An exact copy of every record below is needed, with all pictures removed.
Provided records START
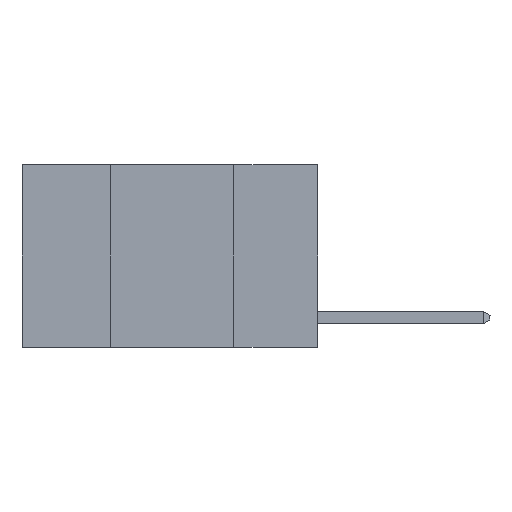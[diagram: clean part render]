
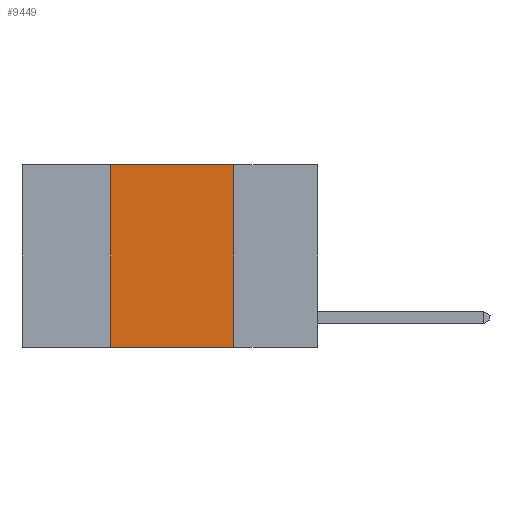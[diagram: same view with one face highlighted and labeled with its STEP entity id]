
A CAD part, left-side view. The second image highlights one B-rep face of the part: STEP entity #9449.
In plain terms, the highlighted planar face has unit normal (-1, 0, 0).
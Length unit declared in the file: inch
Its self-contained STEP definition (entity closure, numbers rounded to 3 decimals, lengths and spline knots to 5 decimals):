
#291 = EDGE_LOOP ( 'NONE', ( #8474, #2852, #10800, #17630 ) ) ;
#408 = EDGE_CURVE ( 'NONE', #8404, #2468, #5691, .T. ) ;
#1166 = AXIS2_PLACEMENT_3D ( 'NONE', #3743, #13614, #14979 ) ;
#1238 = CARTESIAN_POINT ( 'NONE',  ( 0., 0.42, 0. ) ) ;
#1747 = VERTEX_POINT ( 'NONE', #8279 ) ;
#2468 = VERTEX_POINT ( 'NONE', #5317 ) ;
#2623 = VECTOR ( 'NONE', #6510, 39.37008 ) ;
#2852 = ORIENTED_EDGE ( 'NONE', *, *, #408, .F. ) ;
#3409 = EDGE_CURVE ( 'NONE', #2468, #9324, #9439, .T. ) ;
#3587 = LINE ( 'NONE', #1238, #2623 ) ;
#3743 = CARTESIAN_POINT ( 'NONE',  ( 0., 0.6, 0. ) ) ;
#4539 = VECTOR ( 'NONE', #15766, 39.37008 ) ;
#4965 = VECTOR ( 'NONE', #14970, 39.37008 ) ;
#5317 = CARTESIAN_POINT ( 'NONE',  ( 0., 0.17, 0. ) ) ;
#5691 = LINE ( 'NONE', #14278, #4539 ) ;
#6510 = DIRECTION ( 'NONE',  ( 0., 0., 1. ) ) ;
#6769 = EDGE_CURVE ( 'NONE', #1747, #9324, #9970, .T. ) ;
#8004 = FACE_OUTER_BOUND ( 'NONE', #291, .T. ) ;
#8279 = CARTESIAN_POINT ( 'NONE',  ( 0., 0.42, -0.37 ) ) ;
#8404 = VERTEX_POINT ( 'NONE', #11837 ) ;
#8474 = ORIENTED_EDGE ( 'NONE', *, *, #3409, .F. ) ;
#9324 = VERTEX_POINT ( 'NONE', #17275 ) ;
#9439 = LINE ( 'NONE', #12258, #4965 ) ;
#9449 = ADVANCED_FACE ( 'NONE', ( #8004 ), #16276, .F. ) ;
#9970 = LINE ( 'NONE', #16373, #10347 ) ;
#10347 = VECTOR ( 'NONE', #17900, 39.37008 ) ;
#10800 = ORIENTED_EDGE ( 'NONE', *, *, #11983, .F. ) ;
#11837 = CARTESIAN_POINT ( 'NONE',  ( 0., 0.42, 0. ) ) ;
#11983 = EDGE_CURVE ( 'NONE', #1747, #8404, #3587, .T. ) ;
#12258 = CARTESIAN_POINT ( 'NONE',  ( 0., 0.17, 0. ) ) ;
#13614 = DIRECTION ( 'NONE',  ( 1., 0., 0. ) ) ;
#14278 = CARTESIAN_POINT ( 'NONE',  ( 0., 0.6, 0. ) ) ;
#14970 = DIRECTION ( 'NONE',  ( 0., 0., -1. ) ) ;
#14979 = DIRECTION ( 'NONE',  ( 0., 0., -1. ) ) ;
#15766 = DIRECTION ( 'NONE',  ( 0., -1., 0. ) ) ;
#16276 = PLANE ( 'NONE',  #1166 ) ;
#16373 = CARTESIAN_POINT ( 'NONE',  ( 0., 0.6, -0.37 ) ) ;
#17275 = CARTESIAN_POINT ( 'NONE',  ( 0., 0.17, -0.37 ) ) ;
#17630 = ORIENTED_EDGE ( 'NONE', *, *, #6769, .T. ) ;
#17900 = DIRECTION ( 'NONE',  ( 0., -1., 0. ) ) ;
Provided records END
> [Task response]
[diagram: clean part render]
[diagram: same view with one face highlighted and labeled with its STEP entity id]
A CAD part, left-side view. The second image highlights one B-rep face of the part: STEP entity #9449.
In plain terms, the highlighted planar face has unit normal (-1, 0, 0).
Length unit declared in the file: inch
Its self-contained STEP definition (entity closure, numbers rounded to 3 decimals, lengths and spline knots to 5 decimals):
#291 = EDGE_LOOP ( 'NONE', ( #8474, #2852, #10800, #17630 ) ) ;
#408 = EDGE_CURVE ( 'NONE', #8404, #2468, #5691, .T. ) ;
#1166 = AXIS2_PLACEMENT_3D ( 'NONE', #3743, #13614, #14979 ) ;
#1238 = CARTESIAN_POINT ( 'NONE',  ( 0., 0.42, 0. ) ) ;
#1747 = VERTEX_POINT ( 'NONE', #8279 ) ;
#2468 = VERTEX_POINT ( 'NONE', #5317 ) ;
#2623 = VECTOR ( 'NONE', #6510, 39.37008 ) ;
#2852 = ORIENTED_EDGE ( 'NONE', *, *, #408, .F. ) ;
#3409 = EDGE_CURVE ( 'NONE', #2468, #9324, #9439, .T. ) ;
#3587 = LINE ( 'NONE', #1238, #2623 ) ;
#3743 = CARTESIAN_POINT ( 'NONE',  ( 0., 0.6, 0. ) ) ;
#4539 = VECTOR ( 'NONE', #15766, 39.37008 ) ;
#4965 = VECTOR ( 'NONE', #14970, 39.37008 ) ;
#5317 = CARTESIAN_POINT ( 'NONE',  ( 0., 0.17, 0. ) ) ;
#5691 = LINE ( 'NONE', #14278, #4539 ) ;
#6510 = DIRECTION ( 'NONE',  ( 0., 0., 1. ) ) ;
#6769 = EDGE_CURVE ( 'NONE', #1747, #9324, #9970, .T. ) ;
#8004 = FACE_OUTER_BOUND ( 'NONE', #291, .T. ) ;
#8279 = CARTESIAN_POINT ( 'NONE',  ( 0., 0.42, -0.37 ) ) ;
#8404 = VERTEX_POINT ( 'NONE', #11837 ) ;
#8474 = ORIENTED_EDGE ( 'NONE', *, *, #3409, .F. ) ;
#9324 = VERTEX_POINT ( 'NONE', #17275 ) ;
#9439 = LINE ( 'NONE', #12258, #4965 ) ;
#9449 = ADVANCED_FACE ( 'NONE', ( #8004 ), #16276, .F. ) ;
#9970 = LINE ( 'NONE', #16373, #10347 ) ;
#10347 = VECTOR ( 'NONE', #17900, 39.37008 ) ;
#10800 = ORIENTED_EDGE ( 'NONE', *, *, #11983, .F. ) ;
#11837 = CARTESIAN_POINT ( 'NONE',  ( 0., 0.42, 0. ) ) ;
#11983 = EDGE_CURVE ( 'NONE', #1747, #8404, #3587, .T. ) ;
#12258 = CARTESIAN_POINT ( 'NONE',  ( 0., 0.17, 0. ) ) ;
#13614 = DIRECTION ( 'NONE',  ( 1., 0., 0. ) ) ;
#14278 = CARTESIAN_POINT ( 'NONE',  ( 0., 0.6, 0. ) ) ;
#14970 = DIRECTION ( 'NONE',  ( 0., 0., -1. ) ) ;
#14979 = DIRECTION ( 'NONE',  ( 0., 0., -1. ) ) ;
#15766 = DIRECTION ( 'NONE',  ( 0., -1., 0. ) ) ;
#16276 = PLANE ( 'NONE',  #1166 ) ;
#16373 = CARTESIAN_POINT ( 'NONE',  ( 0., 0.6, -0.37 ) ) ;
#17275 = CARTESIAN_POINT ( 'NONE',  ( 0., 0.17, -0.37 ) ) ;
#17630 = ORIENTED_EDGE ( 'NONE', *, *, #6769, .T. ) ;
#17900 = DIRECTION ( 'NONE',  ( 0., -1., 0. ) ) ;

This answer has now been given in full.